Collected data
* * *

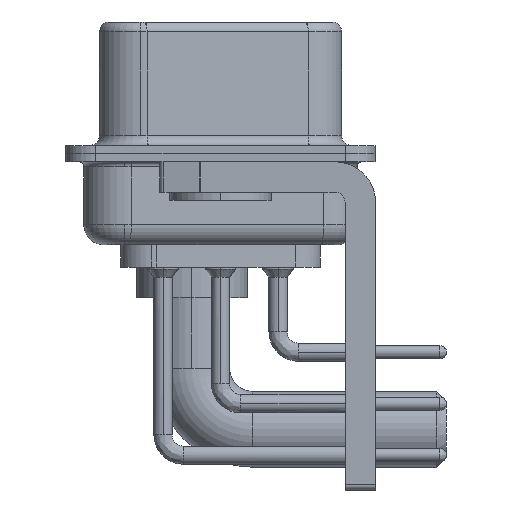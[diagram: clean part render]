
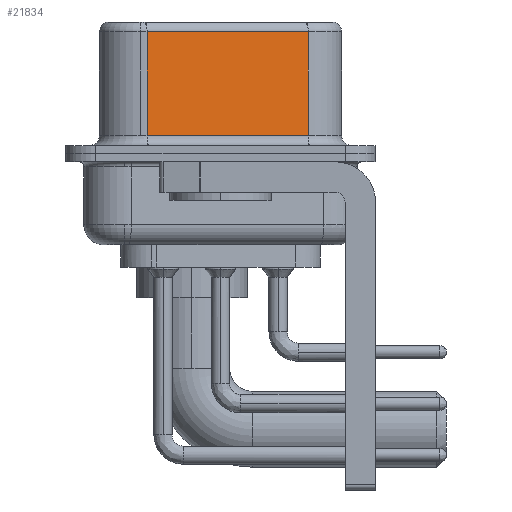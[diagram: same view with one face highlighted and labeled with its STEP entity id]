
A CAD part, left-side view. The second image highlights one B-rep face of the part: STEP entity #21834.
In plain terms, the highlighted planar face has unit normal (-0.985, -0.174, 0).
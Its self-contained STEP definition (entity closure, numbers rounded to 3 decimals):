
#840 = DIRECTION ( 'NONE',  ( 0.985, 0.174, 0. ) ) ;
#1367 = VECTOR ( 'NONE', #30571, 1000. ) ;
#2728 = EDGE_CURVE ( 'NONE', #19867, #13269, #9835, .T. ) ;
#3648 = VERTEX_POINT ( 'NONE', #6759 ) ;
#3845 = FACE_OUTER_BOUND ( 'NONE', #18064, .T. ) ;
#6051 = EDGE_CURVE ( 'NONE', #3648, #9764, #11659, .T. ) ;
#6088 = CARTESIAN_POINT ( 'NONE',  ( 5.132, -4.322, 6.52 ) ) ;
#6759 = CARTESIAN_POINT ( 'NONE',  ( 5.132, -4.322, 6.02 ) ) ;
#8924 = VECTOR ( 'NONE', #29191, 1000. ) ;
#9764 = VERTEX_POINT ( 'NONE', #27325 ) ;
#9835 = LINE ( 'NONE', #27396, #30864 ) ;
#11659 = LINE ( 'NONE', #23071, #23887 ) ;
#13269 = VERTEX_POINT ( 'NONE', #29439 ) ;
#13375 = ORIENTED_EDGE ( 'NONE', *, *, #6051, .F. ) ;
#14677 = DIRECTION ( 'NONE',  ( -0.174, 0.985, 0. ) ) ;
#16319 = LINE ( 'NONE', #33568, #1367 ) ;
#16586 = ORIENTED_EDGE ( 'NONE', *, *, #34917, .T. ) ;
#17743 = CARTESIAN_POINT ( 'NONE',  ( 5.132, -4.322, 0.9 ) ) ;
#18064 = EDGE_LOOP ( 'NONE', ( #13375, #23927, #26505, #16586 ) ) ;
#19802 = EDGE_CURVE ( 'NONE', #3648, #19867, #16319, .T. ) ;
#19867 = VERTEX_POINT ( 'NONE', #25486 ) ;
#20256 = DIRECTION ( 'NONE',  ( 0., 0., -1. ) ) ;
#20572 = LINE ( 'NONE', #17743, #8924 ) ;
#21746 = AXIS2_PLACEMENT_3D ( 'NONE', #6088, #840, #14677 ) ;
#21834 = ADVANCED_FACE ( 'NONE', ( #3845 ), #25912, .F. ) ;
#23071 = CARTESIAN_POINT ( 'NONE',  ( 5.132, -4.322, 6.52 ) ) ;
#23887 = VECTOR ( 'NONE', #20256, 1000. ) ;
#23927 = ORIENTED_EDGE ( 'NONE', *, *, #19802, .T. ) ;
#25486 = CARTESIAN_POINT ( 'NONE',  ( 3.73, 3.628, 6.02 ) ) ;
#25912 = PLANE ( 'NONE',  #21746 ) ;
#26505 = ORIENTED_EDGE ( 'NONE', *, *, #2728, .T. ) ;
#27325 = CARTESIAN_POINT ( 'NONE',  ( 5.132, -4.322, 0.9 ) ) ;
#27396 = CARTESIAN_POINT ( 'NONE',  ( 3.73, 3.628, 6.52 ) ) ;
#29191 = DIRECTION ( 'NONE',  ( 0.174, -0.985, 0. ) ) ;
#29439 = CARTESIAN_POINT ( 'NONE',  ( 3.73, 3.628, 0.9 ) ) ;
#30040 = DIRECTION ( 'NONE',  ( 0., 0., -1. ) ) ;
#30571 = DIRECTION ( 'NONE',  ( -0.174, 0.985, 0. ) ) ;
#30864 = VECTOR ( 'NONE', #30040, 1000. ) ;
#33568 = CARTESIAN_POINT ( 'NONE',  ( 5.132, -4.322, 6.02 ) ) ;
#34917 = EDGE_CURVE ( 'NONE', #13269, #9764, #20572, .T. ) ;

* * *

EXERCISE REQUIREMENTS:
Restate the line containing "#13375 = ORIENTED_EDGE" and every remaining line of the records word for word. Add nothing.

EXERCISE SOLUTION:
#13375 = ORIENTED_EDGE ( 'NONE', *, *, #6051, .F. ) ;
#14677 = DIRECTION ( 'NONE',  ( -0.174, 0.985, 0. ) ) ;
#16319 = LINE ( 'NONE', #33568, #1367 ) ;
#16586 = ORIENTED_EDGE ( 'NONE', *, *, #34917, .T. ) ;
#17743 = CARTESIAN_POINT ( 'NONE',  ( 5.132, -4.322, 0.9 ) ) ;
#18064 = EDGE_LOOP ( 'NONE', ( #13375, #23927, #26505, #16586 ) ) ;
#19802 = EDGE_CURVE ( 'NONE', #3648, #19867, #16319, .T. ) ;
#19867 = VERTEX_POINT ( 'NONE', #25486 ) ;
#20256 = DIRECTION ( 'NONE',  ( 0., 0., -1. ) ) ;
#20572 = LINE ( 'NONE', #17743, #8924 ) ;
#21746 = AXIS2_PLACEMENT_3D ( 'NONE', #6088, #840, #14677 ) ;
#21834 = ADVANCED_FACE ( 'NONE', ( #3845 ), #25912, .F. ) ;
#23071 = CARTESIAN_POINT ( 'NONE',  ( 5.132, -4.322, 6.52 ) ) ;
#23887 = VECTOR ( 'NONE', #20256, 1000. ) ;
#23927 = ORIENTED_EDGE ( 'NONE', *, *, #19802, .T. ) ;
#25486 = CARTESIAN_POINT ( 'NONE',  ( 3.73, 3.628, 6.02 ) ) ;
#25912 = PLANE ( 'NONE',  #21746 ) ;
#26505 = ORIENTED_EDGE ( 'NONE', *, *, #2728, .T. ) ;
#27325 = CARTESIAN_POINT ( 'NONE',  ( 5.132, -4.322, 0.9 ) ) ;
#27396 = CARTESIAN_POINT ( 'NONE',  ( 3.73, 3.628, 6.52 ) ) ;
#29191 = DIRECTION ( 'NONE',  ( 0.174, -0.985, 0. ) ) ;
#29439 = CARTESIAN_POINT ( 'NONE',  ( 3.73, 3.628, 0.9 ) ) ;
#30040 = DIRECTION ( 'NONE',  ( 0., 0., -1. ) ) ;
#30571 = DIRECTION ( 'NONE',  ( -0.174, 0.985, 0. ) ) ;
#30864 = VECTOR ( 'NONE', #30040, 1000. ) ;
#33568 = CARTESIAN_POINT ( 'NONE',  ( 5.132, -4.322, 6.02 ) ) ;
#34917 = EDGE_CURVE ( 'NONE', #13269, #9764, #20572, .T. ) ;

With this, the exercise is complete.